In this 3-part series, we look at key elements that can drive profit margins in the construction industry: increasing revenue, minimizing risk, and in this last installment, reducing costs.
Our work with Yates Companies, ranked one of the country’s top construction providers by Engineering News Record (ENR), is typical of how we help clients reduce their operating costs. The integration allows Yates team members to leverage complex workflows, giving them total control over real-time data flow between the company’s ProjectSight project management and Vista accounting systems.
As David Olivet, Yates’s Manager of Software Development who managed the integration internally puts it, “We gain better cost control and financial accountability company-wide.” The key benefits that Yates, and other clients of ours have experienced because of our integrations, include:
Table of Contents
Elimination of Manual Data Entry
One of the major cost-saving aspects of integration is the seamless data flow between finance and project management systems. Eliminating the need for manual data entry and reducing errors associated with duplicate entries or transcription is an ongoing challenge in the industry. Automating the process saves time and reduces labor costs by minimizing manual administrative tasks.

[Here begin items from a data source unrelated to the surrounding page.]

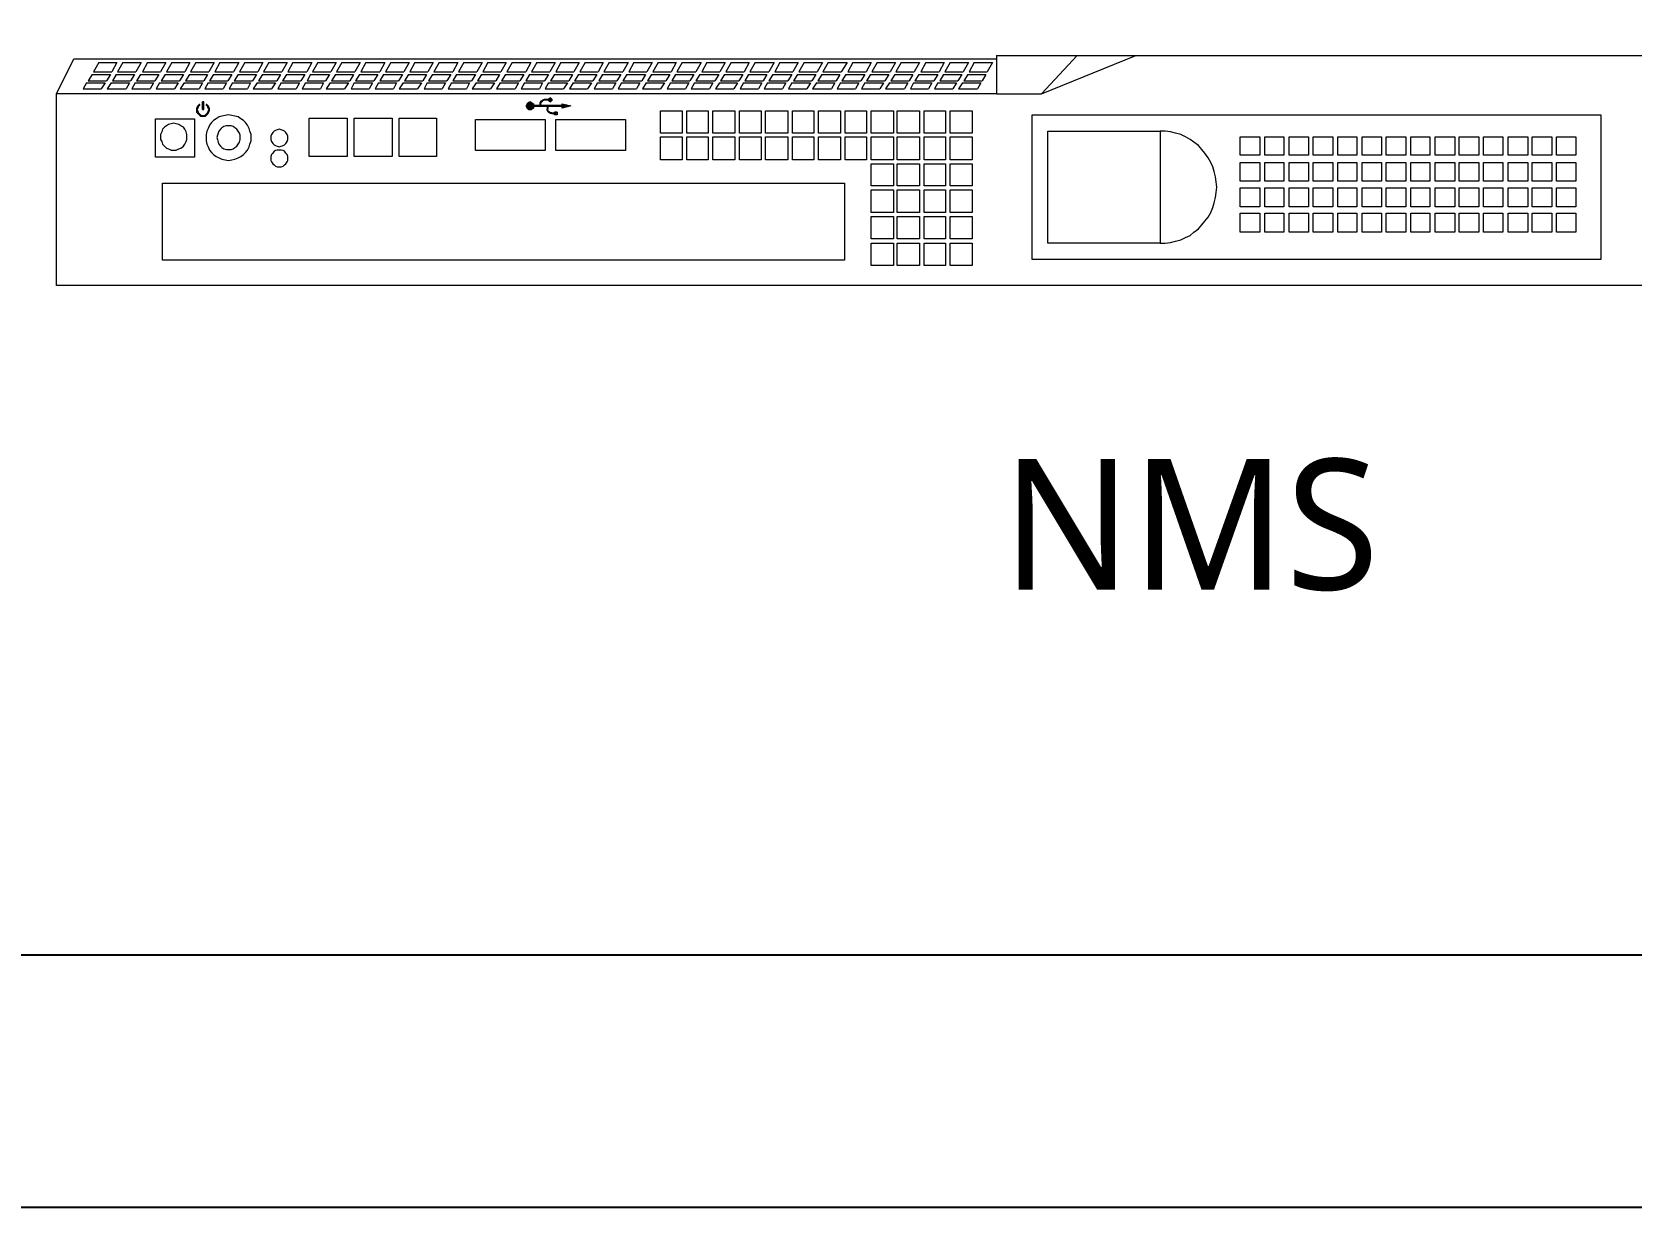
# Model space of a CAD drawing. Header units: millimetres. Extents: x 210250 to 420500, y 0 to 148500.
# Drawn here: x 256516 to 265604, y 68685 to 75362 of the extents above; entities that cross this region are included whole.
import ezdxf
from ezdxf.enums import TextEntityAlignment as Align

# ---------------------------------------------------------------- set-up
doc = ezdxf.new("R2010")
doc.units = ezdxf.units.MM
doc.header["$LTSCALE"] = 250
doc.header["$MEASUREMENT"] = 0
doc.layers.get('0').update_dxf_attribs({"lineweight": 25})
doc.layers.add('N-Equipment', color=7, linetype='Continuous')
doc.styles.add('sukwoo', font='malgun.ttf')

msp = doc.modelspace()

# ---------------------------------------------------------------- linework, layer by layer
at = {"color": 4}
msp.add_lwpolyline([(252757.4, 68684.9), (349048.6, 68684.9, 0.414214), (350048.6, 69684.9), (350048.6, 107791.5, 0.414214), (349048.6, 108791.5), (252757.4, 108791.5, 0.414214), (251757.4, 107791.5), (251757.4, 69684.9, 0.414214)], format="xyb", close=True, dxfattribs=at)
at = {"color": 3}
msp.add_lwpolyline([(253933.7, 89945), (272684, 89945, -0.414214), (273574.6, 89054.3), (273574.6, 71006, -0.414214), (272684, 70115.3), (253933.7, 70115.3, -0.414214), (253043, 71006), (253043, 89054.3, -0.414214)], format="xyb", close=True, dxfattribs=at)
at = {"lineweight": 9}
for points in [[(261997.2, 75228.4), (269855.6, 75228.4), (269855.6, 73920.5), (256654.5, 73920.5), (256654.5, 75009.8)], [(256754.6, 75209.9), (261997.2, 75209.9), (261997.2, 75009.8), (256654.5, 75009.8), (256654.5, 75009.8)], [(256654.5, 75009.8), (256754.6, 75209.9)], [(256754.6, 75209.9), (261997.2, 75209.9)], [(256895.4, 75187.7), (256865.7, 75135.8)], [(256895.4, 75187.7), (256999.1, 75187.7)], [(256999.1, 75187.7), (256969.5, 75135.8)], [(257032.5, 75187.7), (257002.8, 75135.8)], [(257032.5, 75187.7), (257136.2, 75187.7)], [(257136.2, 75187.7), (257106.6, 75135.8)], [(257173.2, 75187.7), (257143.6, 75135.8)], [(257173.2, 75187.7), (257277, 75187.7)], [(257277, 75187.7), (257247.3, 75135.8)], [(257310.3, 75187.7), (257280.7, 75135.8)], [(257310.3, 75187.7), (257414.1, 75187.7)], [(257414.1, 75187.7), (257384.4, 75135.8)], [(257447.4, 75187.7), (257417.8, 75135.8)], [(257447.4, 75187.7), (257551.2, 75187.7)], [(257551.2, 75187.7), (257521.5, 75135.8)], [(257584.5, 75187.7), (257554.9, 75135.8)], [(257584.5, 75187.7), (257692, 75187.7)], [(257692, 75187.7), (257662.3, 75135.8)], [(257725.3, 75187.7), (257695.7, 75135.8)], [(257725.3, 75187.7), (257829, 75187.7)], [(257829, 75187.7), (257799.4, 75135.8)], [(257862.4, 75187.7), (257832.7, 75135.8)], [(257862.4, 75187.7), (257966.1, 75187.7)], [(257966.1, 75187.7), (257936.5, 75135.8)], [(257999.5, 75187.7), (257969.8, 75135.8)], [(257999.5, 75187.7), (258106.9, 75187.7)], [(258106.9, 75187.7), (258077.3, 75135.8)], [(258140.3, 75187.7), (258110.6, 75135.8)], [(258140.3, 75187.7), (258244, 75187.7)], [(258244, 75187.7), (258214.4, 75135.8)], [(258277.3, 75187.7), (258247.7, 75135.8)], [(258277.3, 75187.7), (258381.1, 75187.7)], [(258381.1, 75187.7), (258351.5, 75135.8)], [(258414.4, 75187.7), (258384.8, 75135.8)], [(258414.4, 75187.7), (258521.9, 75187.7)], [(258521.9, 75187.7), (258492.2, 75135.8)], [(258555.2, 75187.7), (258525.6, 75135.8)], [(258555.2, 75187.7), (258659, 75187.7)], [(258659, 75187.7), (258629.3, 75135.8)], [(258692.3, 75187.7), (258662.7, 75135.8)], [(258692.3, 75187.7), (258796.1, 75187.7)], [(258796.1, 75187.7), (258766.4, 75135.8)], [(258829.4, 75187.7), (258799.8, 75135.8)], [(258829.4, 75187.7), (258936.8, 75187.7)], [(258936.8, 75187.7), (258907.2, 75135.8)], [(258970.2, 75187.7), (258940.6, 75135.8)], [(258970.2, 75187.7), (259073.9, 75187.7)], [(259073.9, 75187.7), (259044.3, 75135.8)], [(259107.3, 75187.7), (259077.6, 75135.8)], [(259107.3, 75187.7), (259211, 75187.7)], [(259211, 75187.7), (259181.4, 75135.8)], [(259244.4, 75187.7), (259214.7, 75135.8)], [(259244.4, 75187.7), (259351.8, 75187.7)], [(259351.8, 75187.7), (259322.2, 75135.8)], [(259385.2, 75187.7), (259355.5, 75135.8)], [(259385.2, 75187.7), (259488.9, 75187.7)], [(259488.9, 75187.7), (259459.3, 75135.8)], [(259522.2, 75187.7), (259492.6, 75135.8)], [(259522.2, 75187.7), (259626, 75187.7)], [(259626, 75187.7), (259596.3, 75135.8)], [(259659.3, 75187.7), (259629.7, 75135.8)], [(259659.3, 75187.7), (259763.1, 75187.7)], [(259763.1, 75187.7), (259733.4, 75135.8)], [(259796.4, 75187.7), (259766.8, 75135.8)], [(259796.4, 75187.7), (259903.9, 75187.7)], [(259903.9, 75187.7), (259874.2, 75135.8)], [(259937.2, 75187.7), (259907.6, 75135.8)], [(259937.2, 75187.7), (260041, 75187.7)], [(260041, 75187.7), (260011.3, 75135.8)], [(260074.3, 75187.7), (260044.7, 75135.8)], [(260074.3, 75187.7), (260178, 75187.7)], [(260178, 75187.7), (260148.4, 75135.8)], [(260211.4, 75187.7), (260181.7, 75135.8)], [(260211.4, 75187.7), (260318.8, 75187.7)], [(260318.8, 75187.7), (260289.2, 75135.8)], [(260352.2, 75187.7), (260322.5, 75135.8)], [(260352.2, 75187.7), (260455.9, 75187.7)], [(260455.9, 75187.7), (260426.3, 75135.8)], [(260489.3, 75187.7), (260459.6, 75135.8)], [(260489.3, 75187.7), (260593, 75187.7)], [(260593, 75187.7), (260563.4, 75135.8)], [(260626.4, 75187.7), (260596.7, 75135.8)], [(260626.4, 75187.7), (260733.8, 75187.7)], [(260733.8, 75187.7), (260704.2, 75135.8)], [(260767.1, 75187.7), (260737.5, 75135.8)], [(260767.1, 75187.7), (260870.9, 75187.7)], [(260870.9, 75187.7), (260841.2, 75135.8)], [(260904.2, 75187.7), (260874.6, 75135.8)], [(260904.2, 75187.7), (261008, 75187.7)], [(261008, 75187.7), (260978.3, 75135.8)], [(261041.3, 75187.7), (261011.7, 75135.8)], [(261041.3, 75187.7), (261148.8, 75187.7)], [(261148.8, 75187.7), (261115.4, 75135.8)], [(261182.1, 75187.7), (261152.5, 75135.8)], [(261182.1, 75187.7), (261285.9, 75187.7)], [(261285.9, 75187.7), (261256.2, 75135.8)], [(261319.2, 75187.7), (261289.6, 75135.8)], [(261319.2, 75187.7), (261422.9, 75187.7)], [(261422.9, 75187.7), (261393.3, 75135.8)], [(261456.3, 75187.7), (261426.6, 75135.8)], [(261456.3, 75187.7), (261560, 75187.7)], [(261560, 75187.7), (261530.4, 75135.8)], [(261597.1, 75187.7), (261567.4, 75135.8)], [(261597.1, 75187.7), (261700.8, 75187.7)], [(261700.8, 75187.7), (261671.2, 75135.8)], [(261734.2, 75187.7), (261704.5, 75135.8)], [(261734.2, 75187.7), (261837.9, 75187.7)], [(261837.9, 75187.7), (261808.3, 75135.8)], [(261871.3, 75187.7), (261841.6, 75135.8)], [(261871.3, 75187.7), (261975, 75187.7)], [(261975, 75187.7), (261945.4, 75135.8)], [(261997.2, 75228.4), (261997.2, 75209.9)], [(262252.9, 75009.8), (262790.1, 75228.4)], [(262252.9, 75009.8), (262456.7, 75228.4)], [(256825, 75072.8), (256806.4, 75039.5)], [(256825, 75072.8), (256932.4, 75072.8)], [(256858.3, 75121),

Streamlined Processes and Increased Efficiency
Integration allows for streamlined processes across finance and project management functions. For example, cost and budget data from project management can automatically populate financial reports and budgets in the finance system. This streamlining eliminates duplicate efforts, reduces paperwork, and enhances overall operational efficiency, resulting in cost savings.
Improved Resource Allocation
The integration provides real-time visibility into project costs, budget utilization, and financial performance. This visibility helps project managers and finance teams alike make informed decisions regarding resource allocation. They can identify underutilized resources, optimize staffing levels, and avoid unnecessary expenses. Effective resource allocation reduces costs associated with idle or excess resources.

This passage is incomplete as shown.